James Gunn wyśmiewa absurdalną scenę ze zwiastuna Supermana i uspokaja widzów

James Gunn uspokaja fanów – wyśmiewanej sceny lotu Supermana nie będzie w filmie.
James Gunn, reżyser filmu Superman, oficjalnie potwierdził, że kontrowersyjna scena z trailera, przedstawiająca Supermana lecącego z dziwnie wyglądającą twarzą, nie znajdzie się w finalnej wersji filmu. Ujęcie to, które pojawiło się w styczniowym spocie telewizyjnym, szybko stało się obiektem drwin i krytyki w sieci, zwłaszcza ze strony fanów stylu Zacka Snydera i zwolenników powrotu Henry'ego Cavilla.
Scena przedstawiała zbliżenie twarzy Davida Corensweta (odtwórcy roli Supermana) w trakcie lotu nad zamarzniętym krajobrazem. Internauci zarzucali jej sztuczność, nienaturalny wyraz twarzy oraz niezrozumienie postaci przez reżysera.




Gunn odniósł się do tej sytuacji w rozmowie z Entertainment Weekly, podkreślając, że materiał był częścią nieukończonego efektu specjalnego przygotowanego specjalnie na potrzeby reklamy.

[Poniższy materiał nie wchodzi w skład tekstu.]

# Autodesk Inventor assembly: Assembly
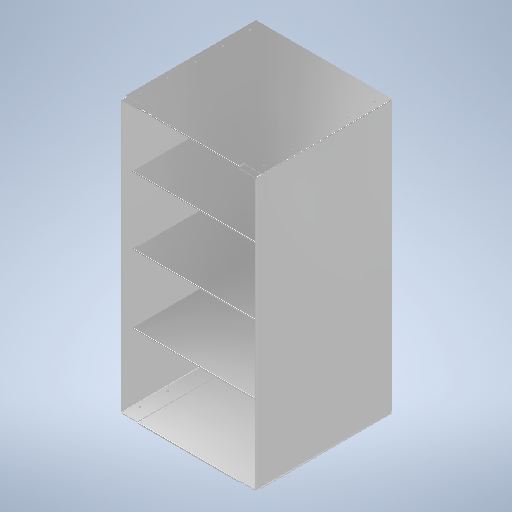
[picture p0: Inventor's stored thumbnail of the model, 512x512]
Saved by Autodesk Inventor 2025.2 (Build 292293000, 293)
## iProperties
Created: 2025-03-19
Part Number: Assembly
Document SubType Name: Assembly
Designer: bless
Author: bless
## Documents named in this file (8)
- C:\Users\bless\OneDrive - Conestoga College\Documents\Inventor\8071W25\Assignment\Assembly.iam
- C:\Users\bless\OneDrive - Conestoga College\Documents\Inventor\8071W25\Assignment\left side.ipt
- C:\Users\bless\OneDrive - Conestoga College\Documents\Inventor\8071W25\Assignment\left side_MIR.ipt
- C:\Users\bless\OneDrive - Conestoga College\Documents\Inventor\8071W25\Assignment\top.ipt
- C:\Users\bless\OneDrive - Conestoga College\Documents\Inventor\8071W25\Assignment\top_MIR.ipt
- C:\Users\bless\OneDrive - Conestoga College\Documents\Inventor\8071W25\Assignment\shelves.ipt
- C:\Users\bless\OneDrive - Conestoga College\Documents\Inventor\8071W25\Assignment\shelves_MIR.ipt
- C:\Users\bless\OneDrive - Conestoga College\Documents\Inventor\8071W25\Assignment\shelves_MIR1.ipt
## Components (7 placed, 7 different names)
1. left side:1 — Flush:1, Flush:2
2. left side_MIR:1 — Mate:1
3. top:1 — Flush:2, Flush:3, Flush:4
4. top_MIR:1 — Mate:2, Flush:5
5. shelves:1 — Flush:4, Flush:5, Flush:6, Flush:7
6. shelves_MIR:1 — Mate:3
7. shelves_MIR1:1 — Flush:8, Mate:4
## Relationships (12: Flush 8, Mate 4)
- Flush:1 (-304.8 mm): left side:1
- Mate:1 (-304.8 mm): left side_MIR:1
- Flush:2: left side:1 ↔ top:1
- Flush:3 (-612.775 mm): top:1
- Mate:2 (-612.775 mm): top_MIR:1
- Flush:4: top:1 ↔ shelves:1
- Flush:5 (-611.2002 mm): top_MIR:1 ↔ shelves:1
- Flush:6 (152.3873 mm): shelves:1
- Mate:3 (149.2123 mm): shelves_MIR:1
- Flush:7 (-153.9875 mm): shelves:1
- Flush:8 (152.3873 mm): shelves_MIR1:1
- Mate:4 (-153.9875 mm): shelves_MIR1:1

To było zdjęcie twarzy aktora nałożone na ujęcie z drona lecącego nad prawdziwym tłem – wszystko było autentyczne, ale złożone w dość dziwny sposób.
– wyjaśnił Gunn.
Reżyser dodał też, że scena ta nigdy nie miała znaleźć się w ostatecznej wersji filmu i nie oddaje poziomu dopracowania efektów wizualnych, które zobaczymy w kinach.
Premiera Supermana już za niecały miesiąc, 11 lipca.